On the contrary, banks dominate business financing in Nigeria as most businesses are averse to equity financing through the stock exchange, a major reason SMEs have not made the desired impact on the economy. Cumulative bank loans to the private sector stood at N6.5tn in 2013, while bond market capitalisation (excluding FGN bonds), stood at N2.05tn for the same period. The dominance of bank-based financing has severe shortcomings and is a major reason the growth pattern of the economy is anomalous. Banks are conservative in their disposition and strategies which often hinder entrepreneurial and industrial risk-taking necessary for innovation and development of SMEs, crucial to economic growth. They are averse to lending to the real sector and tend to extract more from the future profit of firms. The Nigerian economy is conducive for a vibrant and dominant capital market-based financing system in order to fast- track and restructure the growth pattern and engender inclusive growth.

Market-based financing system has several advantages over the bank-based based: One, it is superior in processing information in new and uncertain situations involving innovative products. Two, it optimally allocates capital and enhances economic performance. Three, it catalyses industrial growth faster than the bank-based and helps economies to achieve inclusive growth through greater employment opportunities. Four, it helps companies to meet international best practices which in turn, attracts foreign direct investments. Five, it engenders macroeconomic stability as money market interest rates are more sensitive than long-term rates in the capital market. Six, it provides tailor made risk management tools as the economy matures and the method to raise capital increases. Seven, it offers in-depth insights into the direction of the overall economy based on the movement of the stock market.
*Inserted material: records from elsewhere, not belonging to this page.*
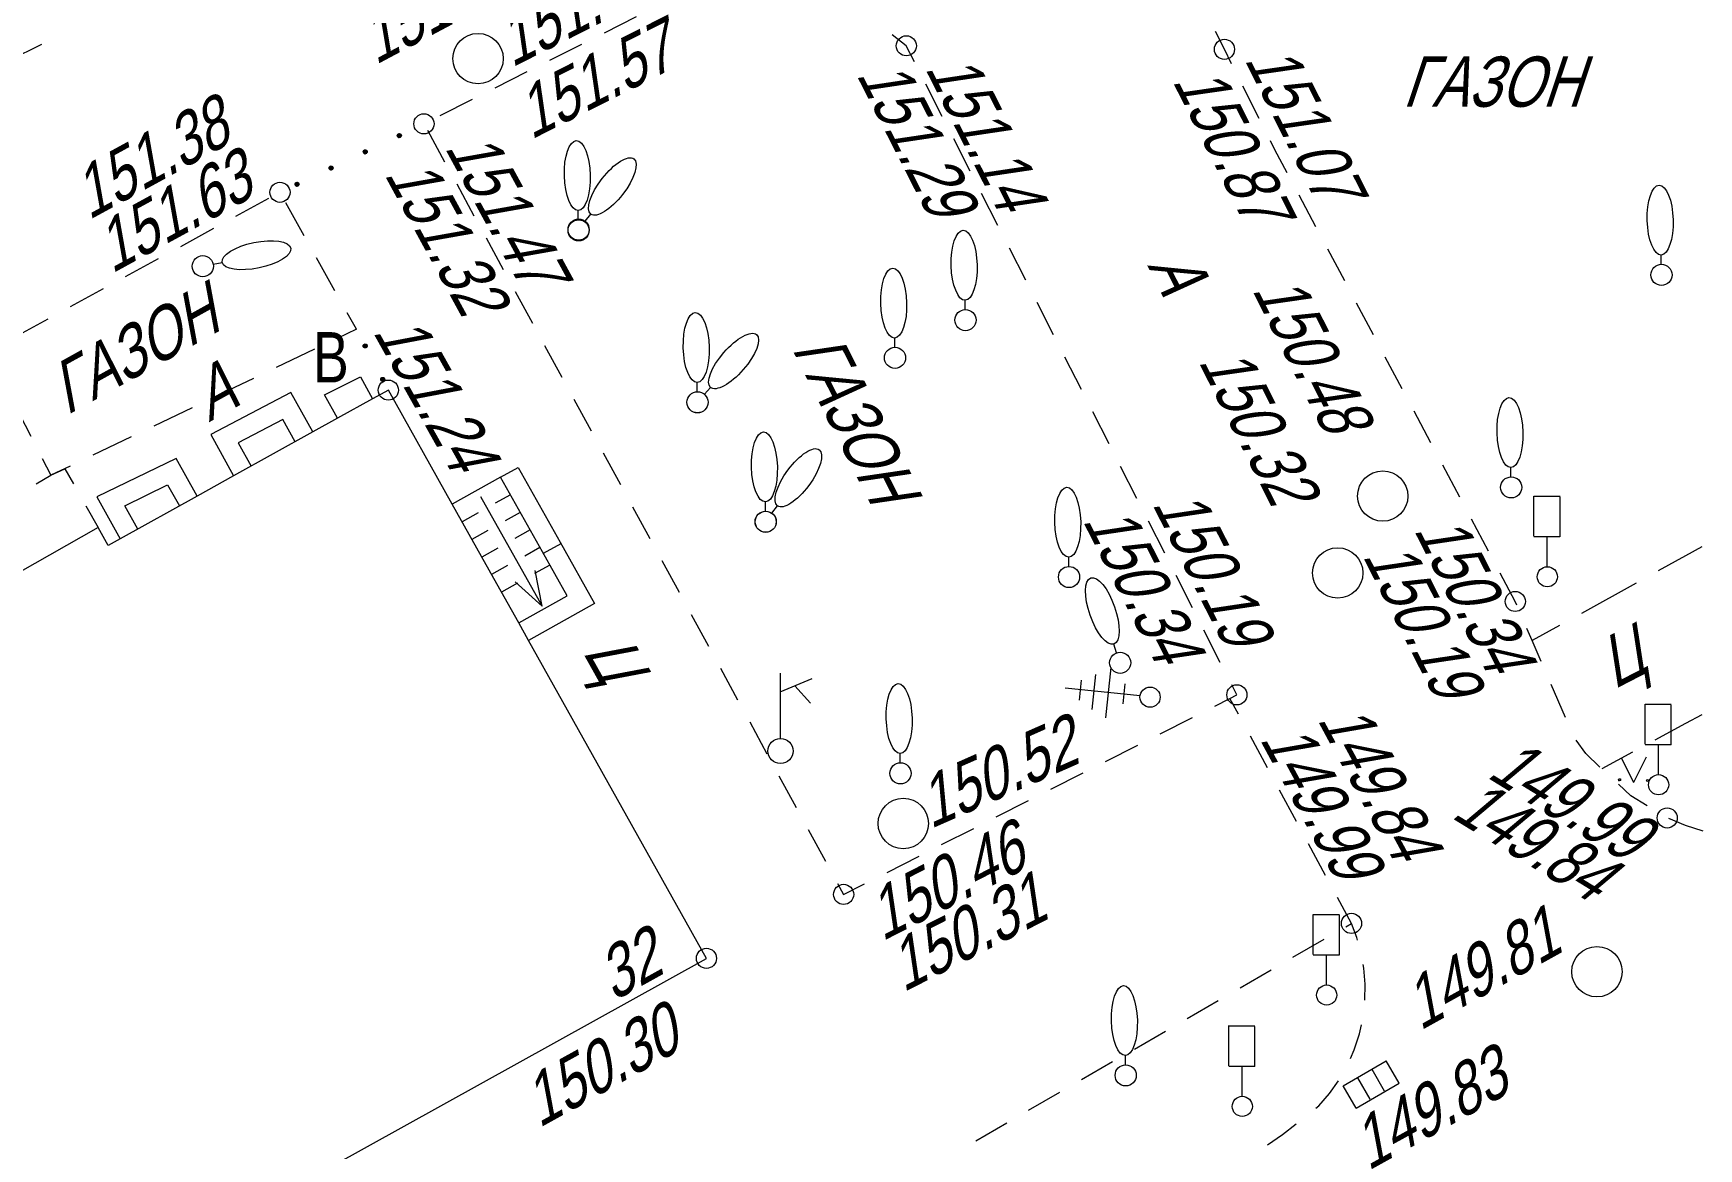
# Model space of a CAD drawing. Header units: metres. Extents: x 382 to 851, y 14083 to 14440.
# Drawn here: x 467.18 to 500.26, y 14293.19 to 14315.34 of the extents above; entities that cross this region are included whole.
import ezdxf
from ezdxf.enums import TextEntityAlignment as Align

# ---------------------------------------------------------------- set-up
doc = ezdxf.new("R2010")
doc.units = ezdxf.units.M
doc.header["$MEASUREMENT"] = 0
doc.linetypes.add('UP line', pattern=[1.5, 1, -0.5])
for name, color, linetype, lineweight in [('Бортовой камень', 7, 'Continuous', 25), ('Вентиляторы', 7, 'Continuous', 25), ('Внутреннее заполнение', 7, 'Continuous', 25), ('Горизонтали', 7, 'Continuous', 25), ('Граница улицы', 7, 'Continuous', 25), ('Здания', 7, 'Continuous', 25), ('Колодцы', 7, 'Continuous', 25), ('Крыльца', 7, 'Continuous', 25), ('Леса и газоны', 7, 'Continuous', 25), ('Лестницы набережных', 7, 'Continuous', 25), ('Навесы', 7, 'Continuous', 25), ('Номер дома', 7, 'Continuous', 25), ('Отдельно стоящее дерево', 7, 'Continuous', 25), ('Светофоры', 7, 'Continuous', 25), ('Указатель подз коммуникаций', 7, 'Continuous', 25), ('Фонтаны', 7, 'Continuous', 25), ('Части зданий', 7, 'Continuous', 25)]:
    doc.layers.add(name, color=color, linetype=linetype, lineweight=lineweight)
doc.styles.add('Style-RUSSIAN_1251', font='RUSSIAN_1251.shx')
doc.styles.add('Style-RUSSIAN_1251 I 0.32289', font='RUSSIAN_1251.shx', dxfattribs={"oblique": 18.5})

# ---------------------------------------------------------------- blocks, each defined once
blk = doc.blocks.new('DORZN1')
at = {"layer": 'Светофоры', "color": 251, "linetype": 'Continuous', "lineweight": 9}
for p, q in [((-0.27, 0.806), (-0.27, 1.603)), ((-0.27, 1.598), (0.252, 1.598)), ((0.252, 0.792), (0.252, 1.589)), ((-0.27, 0.801), (0.248, 0.801)), ((-0.004, 0.2), (-0.004, 0.801))]:
    blk.add_line(p, q, dxfattribs=at)
blk.add_arc((0, 0), 0.2, 0, 360, dxfattribs=at)
blk = doc.blocks.new('DORZN1_1')
at = {"layer": 'Светофоры', "color": 251, "linetype": 'Continuous', "lineweight": 9}
for p, q in [((-0.27, 0.806), (-0.27, 1.603)), ((-0.27, 1.598), (0.252, 1.598)), ((0.252, 0.792), (0.252, 1.589)), ((-0.27, 0.801), (0.248, 0.801)), ((-0.004, 0.2), (-0.004, 0.801))]:
    blk.add_line(p, q, dxfattribs=at)
blk.add_arc((0, 0), 0.2, 0, 360, dxfattribs=at)
blk = doc.blocks.new('KOLOD_2')
at = {"layer": 'Колодцы', "color": 251, "linetype": 'Continuous', "lineweight": 9}
blk.add_arc((0, 0), 0.5, 0, 360, dxfattribs=at)
blk = doc.blocks.new('RESHT1_1')
at = {"layer": 'Фонтаны', "color": 251, "linetype": 'Continuous', "lineweight": 9}
for p, q in [((-0.494, -0.254), (-0.494, 0.254)), ((-0.494, 0.254), (0.495, 0.254)), ((-0.163, -0.245), (-0.163, 0.251)), ((0.165, -0.245), (0.166, 0.251)), ((0.495, -0.255), (0.495, 0.254)), ((-0.494, -0.254), (0.495, -0.255))]:
    blk.add_line(p, q, dxfattribs=at)
blk = doc.blocks.new('KOLOD_3')
at = {"layer": 'Колодцы', "color": 251, "linetype": 'Continuous', "lineweight": 9}
blk.add_arc((0, 0), 0.5, 0, 360, dxfattribs=at)
blk = doc.blocks.new('PIKET_19')
at = {"layer": 'Горизонтали', "color": 251, "linetype": 'Continuous', "lineweight": 9}
blk.add_arc((0, 0), 0.2, 0, 360, dxfattribs=at)
blk = doc.blocks.new('DORZN1_4')
at = {"layer": 'Светофоры', "color": 251, "linetype": 'Continuous', "lineweight": 9}
for p, q in [((-0.27, 0.806), (-0.27, 1.603)), ((-0.27, 1.598), (0.252, 1.598)), ((0.252, 0.792), (0.252, 1.589)), ((-0.27, 0.801), (0.248, 0.801)), ((-0.004, 0.2), (-0.004, 0.801))]:
    blk.add_line(p, q, dxfattribs=at)
blk.add_arc((0, 0), 0.2, 0, 360, dxfattribs=at)
blk = doc.blocks.new('KOLOD_4')
at = {"layer": 'Колодцы', "color": 251, "linetype": 'Continuous', "lineweight": 9}
blk.add_arc((0, 0), 0.5, 0, 360, dxfattribs=at)
blk = doc.blocks.new('PIKET_22')
at = {"layer": 'Горизонтали', "color": 251, "linetype": 'Continuous', "lineweight": 9}
blk.add_arc((0, 0), 0.2, 0, 360, dxfattribs=at)
blk = doc.blocks.new('KOLOD_7')
at = {"layer": 'Колодцы', "color": 251, "linetype": 'Continuous', "lineweight": 9}
blk.add_arc((0, 0), 0.5, 0, 360, dxfattribs=at)
blk = doc.blocks.new('msdElementTypeLineString_5')
at = {"layer": 'Части зданий', "color": 251, "linetype": 'Continuous', "lineweight": 9}
for p, q in [((6.07, 2.902), (5.689, 2.72)), ((5.238, 2.504), (4.475, 2.139)), ((4.024, 1.924), (3.261, 1.559)), ((2.81, 1.343), (2.047, 0.978)), ((1.596, 0.763), (0.833, 0.398)), ((0.382, 0.182), (0.001, 0))]:
    blk.add_line(p, q, dxfattribs=at)
blk = doc.blocks.new('PIKET_29')
at = {"layer": 'Горизонтали', "color": 251, "linetype": 'Continuous', "lineweight": 9}
blk.add_arc((0, 0), 0.2, 0, 360, dxfattribs=at)
blk = doc.blocks.new('PIKET_30')
at = {"layer": 'Горизонтали', "color": 251, "linetype": 'Continuous', "lineweight": 9}
blk.add_arc((0, 0), 0.2, 0, 360, dxfattribs=at)
blk = doc.blocks.new('STRELK_1')
at = {"layer": 'Крыльца', "color": 251, "linetype": 'Continuous', "lineweight": 9, "flags": 128}
for points in [[(0, 2.5), (-0.226, 1.815)], [(0, 0), (0, 2.5)], [(0, 2.5), (0.226, 1.815)]]:
    blk.add_lwpolyline(points, dxfattribs=at)
blk = doc.blocks.new('UKAZ')
at = {"layer": 'Указатель подз коммуникаций', "color": 251, "linetype": 'Continuous', "lineweight": 9}
for p, q in [((-0.005, 1.178), (0.628, 1.437)), ((0.001, 0.254), (0.001, 1.549)), ((0.284, 1.292), (0.598, 0.948))]:
    blk.add_line(p, q, dxfattribs=at)
blk.add_arc((0, 0), 0.25, 0, 360, dxfattribs=at)
blk = doc.blocks.new('KOLOD_8')
at = {"layer": 'Колодцы', "color": 251, "linetype": 'Continuous', "lineweight": 9}
blk.add_arc((0, 0), 0.5, 0, 360, dxfattribs=at)
blk = doc.blocks.new('GAZON_1')
at = {"layer": 'Леса и газоны', "color": 251, "linetype": 'Continuous', "lineweight": 9}
for p in [(-0.248, 0.499), (0.251, 0.502)]:
    blk.add_line(p, (0, 0), dxfattribs=at)
for centre in [(-0.276, 0.057), (0.279, 0.039)]:
    blk.add_arc(centre, 0.02, 0, 360, dxfattribs=at)
blk.add_point((-0.29, 0.043), dxfattribs=at)
blk = doc.blocks.new('DEREVO_30')
at = {"layer": 'Отдельно стоящее дерево', "color": 251, "linetype": 'Continuous', "lineweight": 9, "flags": 128}
blk.add_lwpolyline([(-0.007, 0.21), (-0.007, 0.393)], dxfattribs=at)
at = {"layer": 'Отдельно стоящее дерево', "color": 251, "linetype": 'Continuous', "lineweight": 9}
blk.add_arc((0.00031, -0.00017), 0.21, 0, 359.999994, dxfattribs=at)
blk.add_ellipse((-0.02519, 1.08783), major_axis=(-0.0185, 0.695), ratio=0.36982862, dxfattribs=at)
blk = doc.blocks.new('DEREVO_44')
at = {"layer": 'Отдельно стоящее дерево', "color": 251, "linetype": 'Continuous', "lineweight": 9, "flags": 128}
blk.add_lwpolyline([(-0.007, 0.21), (-0.007, 0.393)], dxfattribs=at)
at = {"layer": 'Отдельно стоящее дерево', "color": 251, "linetype": 'Continuous', "lineweight": 9}
blk.add_arc((0, 0), 0.21, 0, 360, dxfattribs=at)
blk.add_ellipse((-0.026, 1.088), major_axis=(-0.019, 0.695), ratio=0.369829, dxfattribs=at)
blk = doc.blocks.new('DEREVO_45')
at = {"layer": 'Отдельно стоящее дерево', "color": 251, "linetype": 'Continuous', "lineweight": 9, "flags": 128}
blk.add_lwpolyline([(-0.007, 0.21), (-0.007, 0.393)], dxfattribs=at)
at = {"layer": 'Отдельно стоящее дерево', "color": 251, "linetype": 'Continuous', "lineweight": 9}
blk.add_arc((0, 0), 0.21, 0, 360, dxfattribs=at)
blk.add_ellipse((-0.025, 1.088), major_axis=(-0.019, 0.695), ratio=0.369829, dxfattribs=at)
blk = doc.blocks.new('DEREVO_52')
at = {"layer": 'Отдельно стоящее дерево', "color": 251, "linetype": 'Continuous', "lineweight": 9, "flags": 128}
blk.add_lwpolyline([(-0.007, 0.21), (-0.006, 0.392)], dxfattribs=at)
at = {"layer": 'Отдельно стоящее дерево', "color": 251, "linetype": 'Continuous', "lineweight": 9}
blk.add_arc((0, 0), 0.21, 0, 360, dxfattribs=at)
blk.add_ellipse((-0.026, 1.088), major_axis=(-0.018, 0.695), ratio=0.369829, dxfattribs=at)
blk = doc.blocks.new('DEREVO_53')
at = {"layer": 'Отдельно стоящее дерево', "color": 251, "linetype": 'Continuous', "lineweight": 9, "flags": 128}
blk.add_lwpolyline([(-0.007, 0.21), (-0.007, 0.393)], dxfattribs=at)
at = {"layer": 'Отдельно стоящее дерево', "color": 251, "linetype": 'Continuous', "lineweight": 9}
blk.add_arc((0, 0), 0.21, 0, 360, dxfattribs=at)
blk.add_ellipse((-0.026, 1.088), major_axis=(-0.019, 0.695), ratio=0.369829, dxfattribs=at)
blk = doc.blocks.new('DEREVO_54')
at = {"layer": 'Отдельно стоящее дерево', "color": 251, "linetype": 'Continuous', "lineweight": 9, "flags": 128}
blk.add_lwpolyline([(-0.007, 0.21), (-0.007, 0.393)], dxfattribs=at)
at = {"layer": 'Отдельно стоящее дерево', "color": 251, "linetype": 'Continuous', "lineweight": 9}
blk.add_arc((0, 0), 0.21, 0, 360, dxfattribs=at)
blk.add_ellipse((-0.026, 1.088), major_axis=(-0.019, 0.695), ratio=0.369829, dxfattribs=at)
blk = doc.blocks.new('DEREVO_55')
at = {"layer": 'Отдельно стоящее дерево', "color": 251, "linetype": 'Continuous', "lineweight": 9, "flags": 128}
blk.add_lwpolyline([(-0.007, 0.211), (-0.007, 0.392)], dxfattribs=at)
at = {"layer": 'Отдельно стоящее дерево', "color": 251, "linetype": 'Continuous', "lineweight": 9}
blk.add_arc((0, 0), 0.21, 0, 360, dxfattribs=at)
blk.add_ellipse((-0.026, 1.088), major_axis=(-0.018, 0.695), ratio=0.369829, dxfattribs=at)
blk = doc.blocks.new('DEREVO_56')
at = {"layer": 'Отдельно стоящее дерево', "color": 251, "linetype": 'Continuous', "lineweight": 9, "flags": 128}
blk.add_lwpolyline([(-0.007, 0.21), (-0.007, 0.393)], dxfattribs=at)
at = {"layer": 'Отдельно стоящее дерево', "color": 251, "linetype": 'Continuous', "lineweight": 9}
blk.add_arc((-0.00009, 0.00041), 0.21, 0, 359.999994, dxfattribs=at)
blk.add_ellipse((-0.02559, 1.08841), major_axis=(-0.0185, 0.695), ratio=0.36982862, dxfattribs=at)
blk = doc.blocks.new('DEREVO_57')
at = {"layer": 'Отдельно стоящее дерево', "color": 251, "linetype": 'Continuous', "lineweight": 9, "flags": 128}
blk.add_lwpolyline([(-0.007, 0.21), (-0.007, 0.393)], dxfattribs=at)
at = {"layer": 'Отдельно стоящее дерево', "color": 251, "linetype": 'Continuous', "lineweight": 9}
blk.add_arc((0, 0), 0.21, 0, 360, dxfattribs=at)
blk.add_ellipse((-0.026, 1.088), major_axis=(-0.019, 0.695), ratio=0.369829, dxfattribs=at)
blk = doc.blocks.new('DEREVO_58')
at = {"layer": 'Отдельно стоящее дерево', "color": 251, "linetype": 'Continuous', "lineweight": 9, "flags": 128}
blk.add_lwpolyline([(-0.006, 0.21), (-0.007, 0.393)], dxfattribs=at)
at = {"layer": 'Отдельно стоящее дерево', "color": 251, "linetype": 'Continuous', "lineweight": 9}
blk.add_arc((0.001, 0), 0.21, 0, 360, dxfattribs=at)
blk.add_ellipse((-0.025, 1.088), major_axis=(-0.018, 0.695), ratio=0.369829, dxfattribs=at)
blk = doc.blocks.new('DEREVO_59')
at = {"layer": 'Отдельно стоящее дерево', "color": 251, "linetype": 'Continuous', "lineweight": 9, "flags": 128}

Eight, it provides a window for the growth of small and medium scale enterprises, the engines of growth, through venture capitalism.

For the Nigerian economy to achieve a double digit, and inclusive growth with greater job opportunities, the Federal Government should follow in the footsteps of Malaysia and collaborate with market operators and other stakeholders in the capital market to launch a transformation campaign of the capital market as one of its developmental programmes; which among other things, will encompass capacity building on concepts and operations of the capital market for government functionaries, continued privatisation and introduction of policies to incentivise more listings of local firms on the stock exchange and stimulate appetite for investment in securities.